DATA TO PROCESS:
......
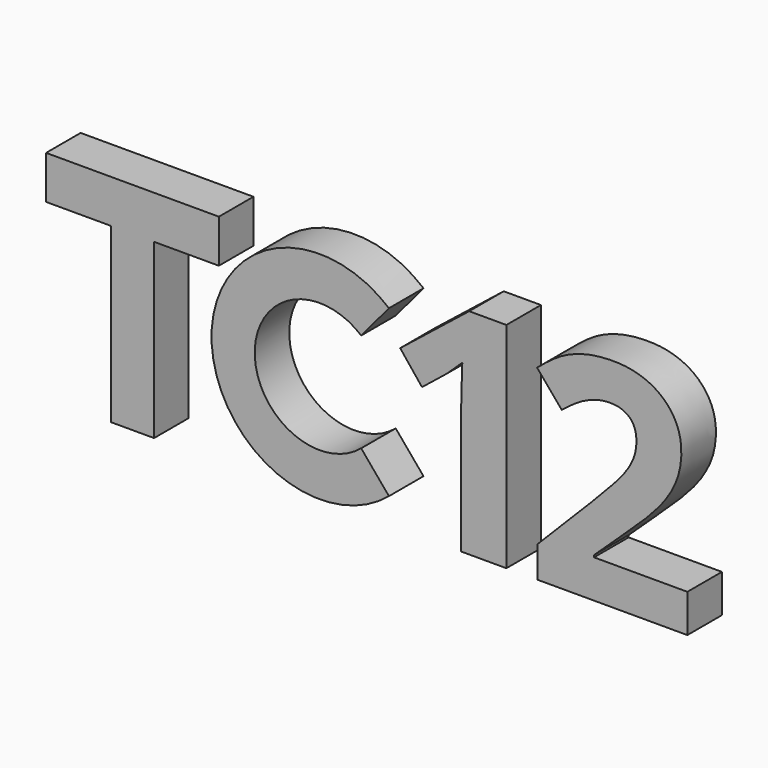
from build123d import *

# Parameters (mm, degrees)
F0_W         = 25.4
F0_H         = 101.6
F0_TEXT_SIZE = 176.3888888889
F1_DEPTH     = 25.4


# Not quite as in the source:
# - Text() gives the source's letters only with a copy of the font that has no kerning and outlines rounded to 1/6400 em; it was checked with that copy


with BuildPart() as f1:
    # F0 (on Front) → F1 (new body)
    with BuildSketch(Plane.XZ):
        Polygon((-45.2788638287, 127), (-146.8788638287, 127), (-146.8788638287, 101.6), (-108.7788638287, 101.6), (-83.3788638287, 101.6), (-45.2788638287, 101.6), align=None)
        with Locations((-96.0788638287, 50.8)):
            Rectangle(F0_W, F0_H)
        with BuildLine():
            Line((38.3916385767, 92.6862932828), (54.7184438628, 112.1438221381))
            ThreePointArc((54.7184438628, 112.1438221381), (-49.5985693523, 63.5), (54.7184438628, 14.8561778619))
            Line((54.7184438628, 14.8561778619), (38.3916385767, 34.3137067172))
            ThreePointArc((38.3916385767, 34.3137067172), (-24.1985693523, 63.5), (38.3916385767, 92.6862932828))
        make_face()
        with Locations((50.90117082, 0)):
            Text('1', F0_TEXT_SIZE, font='Open Sans', font_style=FontStyle.BOLD, text_align=(TextAlign.LEFT, TextAlign.BOTTOM))
        with Locations((135.09722054, 0)):
            Text('2', F0_TEXT_SIZE, font='Open Sans', font_style=FontStyle.BOLD, text_align=(TextAlign.LEFT, TextAlign.BOTTOM))
    extrude(amount=F1_DEPTH)


solid = f1.part
......
ABOUT THIS TASK: Each entry should be transcribed exactly as given, with pictures omitted.

ANSWER TO THE EXERCISE:
from build123d import *

# Parameters (mm, degrees)
F0_W         = 25.4
F0_H         = 101.6
F0_TEXT_SIZE = 176.3888888889
F1_DEPTH     = 25.4


# Not quite as in the source:
# - Text() gives the source's letters only with a copy of the font that has no kerning and outlines rounded to 1/6400 em; it was checked with that copy


with BuildPart() as f1:
    # F0 (on Front) → F1 (new body)
    with BuildSketch(Plane.XZ):
        Polygon((-45.2788638287, 127), (-146.8788638287, 127), (-146.8788638287, 101.6), (-108.7788638287, 101.6), (-83.3788638287, 101.6), (-45.2788638287, 101.6), align=None)
        with Locations((-96.0788638287, 50.8)):
            Rectangle(F0_W, F0_H)
        with BuildLine():
            Line((38.3916385767, 92.6862932828), (54.7184438628, 112.1438221381))
            ThreePointArc((54.7184438628, 112.1438221381), (-49.5985693523, 63.5), (54.7184438628, 14.8561778619))
            Line((54.7184438628, 14.8561778619), (38.3916385767, 34.3137067172))
            ThreePointArc((38.3916385767, 34.3137067172), (-24.1985693523, 63.5), (38.3916385767, 92.6862932828))
        make_face()
        with Locations((50.90117082, 0)):
            Text('1', F0_TEXT_SIZE, font='Open Sans', font_style=FontStyle.BOLD, text_align=(TextAlign.LEFT, TextAlign.BOTTOM))
        with Locations((135.09722054, 0)):
            Text('2', F0_TEXT_SIZE, font='Open Sans', font_style=FontStyle.BOLD, text_align=(TextAlign.LEFT, TextAlign.BOTTOM))
    extrude(amount=F1_DEPTH)


solid = f1.part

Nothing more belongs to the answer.